◆ Task to complete:
Among the lines of the records below, count those with the word "image". Reply with that number alone.

*** Available records

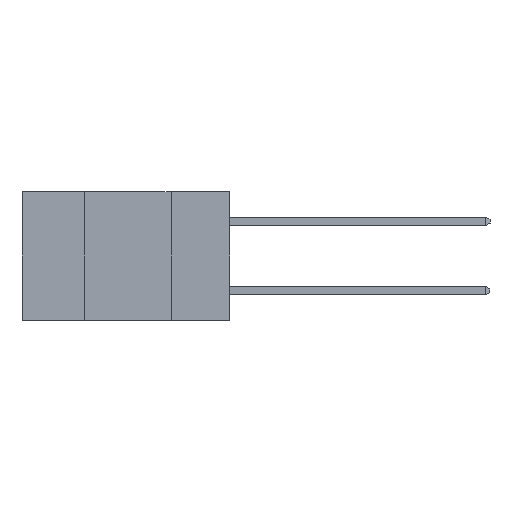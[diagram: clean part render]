
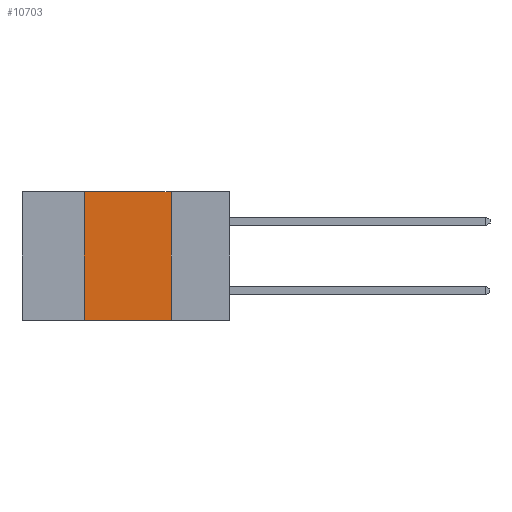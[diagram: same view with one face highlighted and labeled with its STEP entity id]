
A CAD part, left-side view. The second image highlights one B-rep face of the part: STEP entity #10703.
In plain terms, the highlighted planar face has unit normal (-1, 0, 0).
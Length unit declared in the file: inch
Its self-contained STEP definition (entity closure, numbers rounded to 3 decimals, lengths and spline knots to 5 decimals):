
#5 = DIRECTION ( 'NONE',  ( 0., -1., 0. ) ) ;
#567 = FACE_OUTER_BOUND ( 'NONE', #1064, .T. ) ;
#666 = DIRECTION ( 'NONE',  ( 0., -1., 0. ) ) ;
#1015 = CARTESIAN_POINT ( 'NONE',  ( 0., 0.17, 0. ) ) ;
#1064 = EDGE_LOOP ( 'NONE', ( #2803, #11379, #7558, #4649 ) ) ;
#2803 = ORIENTED_EDGE ( 'NONE', *, *, #8991, .F. ) ;
#3724 = EDGE_CURVE ( 'NONE', #8352, #9921, #8459, .T. ) ;
#3902 = DIRECTION ( 'NONE',  ( 1., 0., 0. ) ) ;
#4222 = LINE ( 'NONE', #8473, #11183 ) ;
#4649 = ORIENTED_EDGE ( 'NONE', *, *, #4924, .T. ) ;
#4799 = CARTESIAN_POINT ( 'NONE',  ( 0., 0.17, -0.37 ) ) ;
#4924 = EDGE_CURVE ( 'NONE', #8352, #8931, #4222, .T. ) ;
#5507 = VECTOR ( 'NONE', #12708, 39.37008 ) ;
#5906 = DIRECTION ( 'NONE',  ( 0., 0., 1. ) ) ;
#6312 = LINE ( 'NONE', #1015, #5507 ) ;
#7558 = ORIENTED_EDGE ( 'NONE', *, *, #3724, .F. ) ;
#8147 = VECTOR ( 'NONE', #5, 39.37008 ) ;
#8150 = CARTESIAN_POINT ( 'NONE',  ( 0., 0.17, 0. ) ) ;
#8352 = VERTEX_POINT ( 'NONE', #15401 ) ;
#8442 = AXIS2_PLACEMENT_3D ( 'NONE', #11722, #3902, #13007 ) ;
#8459 = LINE ( 'NONE', #14893, #11890 ) ;
#8473 = CARTESIAN_POINT ( 'NONE',  ( 0., 0.6, -0.37 ) ) ;
#8931 = VERTEX_POINT ( 'NONE', #4799 ) ;
#8991 = EDGE_CURVE ( 'NONE', #10861, #8931, #6312, .T. ) ;
#9127 = PLANE ( 'NONE',  #8442 ) ;
#9921 = VERTEX_POINT ( 'NONE', #14120 ) ;
#10684 = EDGE_CURVE ( 'NONE', #9921, #10861, #14041, .T. ) ;
#10703 = ADVANCED_FACE ( 'NONE', ( #567 ), #9127, .F. ) ;
#10861 = VERTEX_POINT ( 'NONE', #8150 ) ;
#11183 = VECTOR ( 'NONE', #666, 39.37008 ) ;
#11379 = ORIENTED_EDGE ( 'NONE', *, *, #10684, .F. ) ;
#11722 = CARTESIAN_POINT ( 'NONE',  ( 0., 0.6, 0. ) ) ;
#11890 = VECTOR ( 'NONE', #5906, 39.37008 ) ;
#12708 = DIRECTION ( 'NONE',  ( 0., 0., -1. ) ) ;
#12958 = CARTESIAN_POINT ( 'NONE',  ( 0., 0.6, 0. ) ) ;
#13007 = DIRECTION ( 'NONE',  ( 0., 0., -1. ) ) ;
#14041 = LINE ( 'NONE', #12958, #8147 ) ;
#14120 = CARTESIAN_POINT ( 'NONE',  ( 0., 0.42, 0. ) ) ;
#14893 = CARTESIAN_POINT ( 'NONE',  ( 0., 0.42, 0. ) ) ;
#15401 = CARTESIAN_POINT ( 'NONE',  ( 0., 0.42, -0.37 ) ) ;
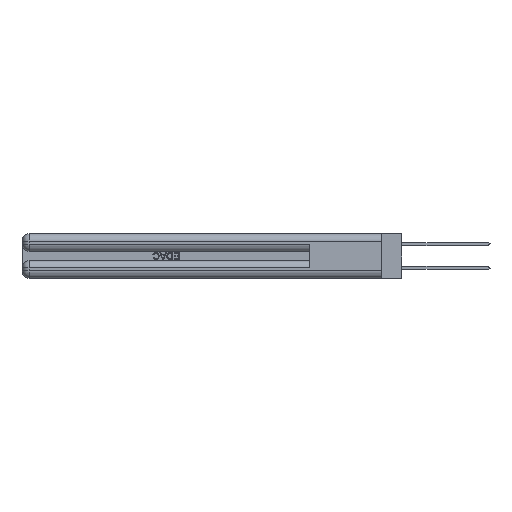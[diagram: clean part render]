
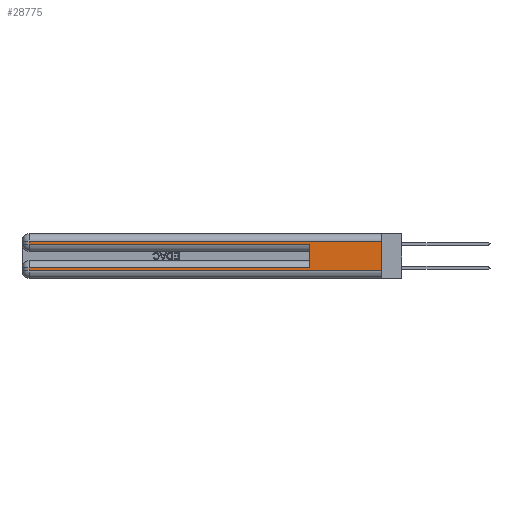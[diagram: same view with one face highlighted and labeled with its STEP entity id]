
A CAD part, left-side view. The second image highlights one B-rep face of the part: STEP entity #28775.
In plain terms, the highlighted planar face has unit normal (-1, 0, 0).
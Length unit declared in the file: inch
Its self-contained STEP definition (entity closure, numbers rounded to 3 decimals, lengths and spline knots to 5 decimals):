
#158 = CARTESIAN_POINT ( 'NONE',  ( 0., 0.6, 0.145 ) ) ;
#1928 = CARTESIAN_POINT ( 'NONE',  ( 0., 0., 0.37 ) ) ;
#1966 = LINE ( 'NONE', #37602, #23982 ) ;
#2418 = VECTOR ( 'NONE', #5837, 39.37008 ) ;
#3079 = ORIENTED_EDGE ( 'NONE', *, *, #43913, .T. ) ;
#4003 = CARTESIAN_POINT ( 'NONE',  ( 0., 0., 0.31 ) ) ;
#4097 = DIRECTION ( 'NONE',  ( 0., 0., 1. ) ) ;
#4248 = DIRECTION ( 'NONE',  ( 1., 0., 0. ) ) ;
#4859 = LINE ( 'NONE', #1928, #2418 ) ;
#5837 = DIRECTION ( 'NONE',  ( 0., 0., -1. ) ) ;
#6280 = VECTOR ( 'NONE', #36903, 39.37008 ) ;
#9436 = VERTEX_POINT ( 'NONE', #45202 ) ;
#10192 = AXIS2_PLACEMENT_3D ( 'NONE', #27598, #4248, #31450 ) ;
#10564 = DIRECTION ( 'NONE',  ( 0., -1., 0. ) ) ;
#10629 = VERTEX_POINT ( 'NONE', #22382 ) ;
#12111 = ORIENTED_EDGE ( 'NONE', *, *, #12300, .F. ) ;
#12149 = CARTESIAN_POINT ( 'NONE',  ( 0., 0.6, 0.085 ) ) ;
#12214 = VECTOR ( 'NONE', #45986, 39.37008 ) ;
#12300 = EDGE_CURVE ( 'NONE', #14739, #49197, #32135, .T. ) ;
#12925 = CARTESIAN_POINT ( 'NONE',  ( 0., 2.94, 0.06 ) ) ;
#13654 = VECTOR ( 'NONE', #16340, 39.37008 ) ;
#14100 = VERTEX_POINT ( 'NONE', #15933 ) ;
#14676 = LINE ( 'NONE', #4003, #43011 ) ;
#14739 = VERTEX_POINT ( 'NONE', #12149 ) ;
#14769 = EDGE_CURVE ( 'NONE', #14739, #10629, #23279, .T. ) ;
#15891 = PLANE ( 'NONE',  #10192 ) ;
#15933 = CARTESIAN_POINT ( 'NONE',  ( 0., 0., 0.31 ) ) ;
#15970 = DIRECTION ( 'NONE',  ( 0., 1., 0. ) ) ;
#16340 = DIRECTION ( 'NONE',  ( 0., 0., -1. ) ) ;
#16558 = ORIENTED_EDGE ( 'NONE', *, *, #20559, .T. ) ;
#18505 = VERTEX_POINT ( 'NONE', #42117 ) ;
#19183 = CARTESIAN_POINT ( 'NONE',  ( 0., 2.94, 0.37 ) ) ;
#19490 = VECTOR ( 'NONE', #4097, 39.37008 ) ;
#20182 = DIRECTION ( 'NONE',  ( 0., 1., 0. ) ) ;
#20275 = CARTESIAN_POINT ( 'NONE',  ( 0., 2.94, 0.37 ) ) ;
#20374 = ORIENTED_EDGE ( 'NONE', *, *, #14769, .T. ) ;
#20559 = EDGE_CURVE ( 'NONE', #33655, #18505, #1966, .T. ) ;
#21473 = CARTESIAN_POINT ( 'NONE',  ( 0., 0., 0.285 ) ) ;
#21978 = CARTESIAN_POINT ( 'NONE',  ( 0., 2.94, 0.31 ) ) ;
#22329 = FACE_OUTER_BOUND ( 'NONE', #44452, .T. ) ;
#22382 = CARTESIAN_POINT ( 'NONE',  ( 0., 2.94, 0.085 ) ) ;
#23004 = EDGE_CURVE ( 'NONE', #9436, #49197, #37199, .T. ) ;
#23279 = LINE ( 'NONE', #46968, #25687 ) ;
#23982 = VECTOR ( 'NONE', #10564, 39.37008 ) ;
#25332 = EDGE_CURVE ( 'NONE', #14100, #47587, #14676, .T. ) ;
#25554 = EDGE_CURVE ( 'NONE', #14100, #18505, #4859, .T. ) ;
#25687 = VECTOR ( 'NONE', #20182, 39.37008 ) ;
#25787 = EDGE_CURVE ( 'NONE', #47587, #9436, #32786, .T. ) ;
#27021 = ORIENTED_EDGE ( 'NONE', *, *, #25332, .T. ) ;
#27598 = CARTESIAN_POINT ( 'NONE',  ( 0., 0., 0.37 ) ) ;
#28775 = ADVANCED_FACE ( 'NONE', ( #22329 ), #15891, .F. ) ;
#31450 = DIRECTION ( 'NONE',  ( 0., 0., -1. ) ) ;
#32135 = LINE ( 'NONE', #158, #19490 ) ;
#32786 = LINE ( 'NONE', #19183, #12214 ) ;
#33655 = VERTEX_POINT ( 'NONE', #12925 ) ;
#36903 = DIRECTION ( 'NONE',  ( 0., -1., 0. ) ) ;
#37199 = LINE ( 'NONE', #21473, #6280 ) ;
#37602 = CARTESIAN_POINT ( 'NONE',  ( 0., 0., 0.06 ) ) ;
#39064 = CARTESIAN_POINT ( 'NONE',  ( 0., 0.6, 0.285 ) ) ;
#42117 = CARTESIAN_POINT ( 'NONE',  ( 0., 0., 0.06 ) ) ;
#43011 = VECTOR ( 'NONE', #15970, 39.37008 ) ;
#43913 = EDGE_CURVE ( 'NONE', #10629, #33655, #44363, .T. ) ;
#43926 = ORIENTED_EDGE ( 'NONE', *, *, #25554, .F. ) ;
#44363 = LINE ( 'NONE', #20275, #13654 ) ;
#44452 = EDGE_LOOP ( 'NONE', ( #43926, #27021, #47692, #46606, #12111, #20374, #3079, #16558 ) ) ;
#45202 = CARTESIAN_POINT ( 'NONE',  ( 0., 2.94, 0.285 ) ) ;
#45986 = DIRECTION ( 'NONE',  ( 0., 0., -1. ) ) ;
#46606 = ORIENTED_EDGE ( 'NONE', *, *, #23004, .T. ) ;
#46968 = CARTESIAN_POINT ( 'NONE',  ( 0., 0., 0.085 ) ) ;
#47587 = VERTEX_POINT ( 'NONE', #21978 ) ;
#47692 = ORIENTED_EDGE ( 'NONE', *, *, #25787, .T. ) ;
#49197 = VERTEX_POINT ( 'NONE', #39064 ) ;

******

◆ Task result:
2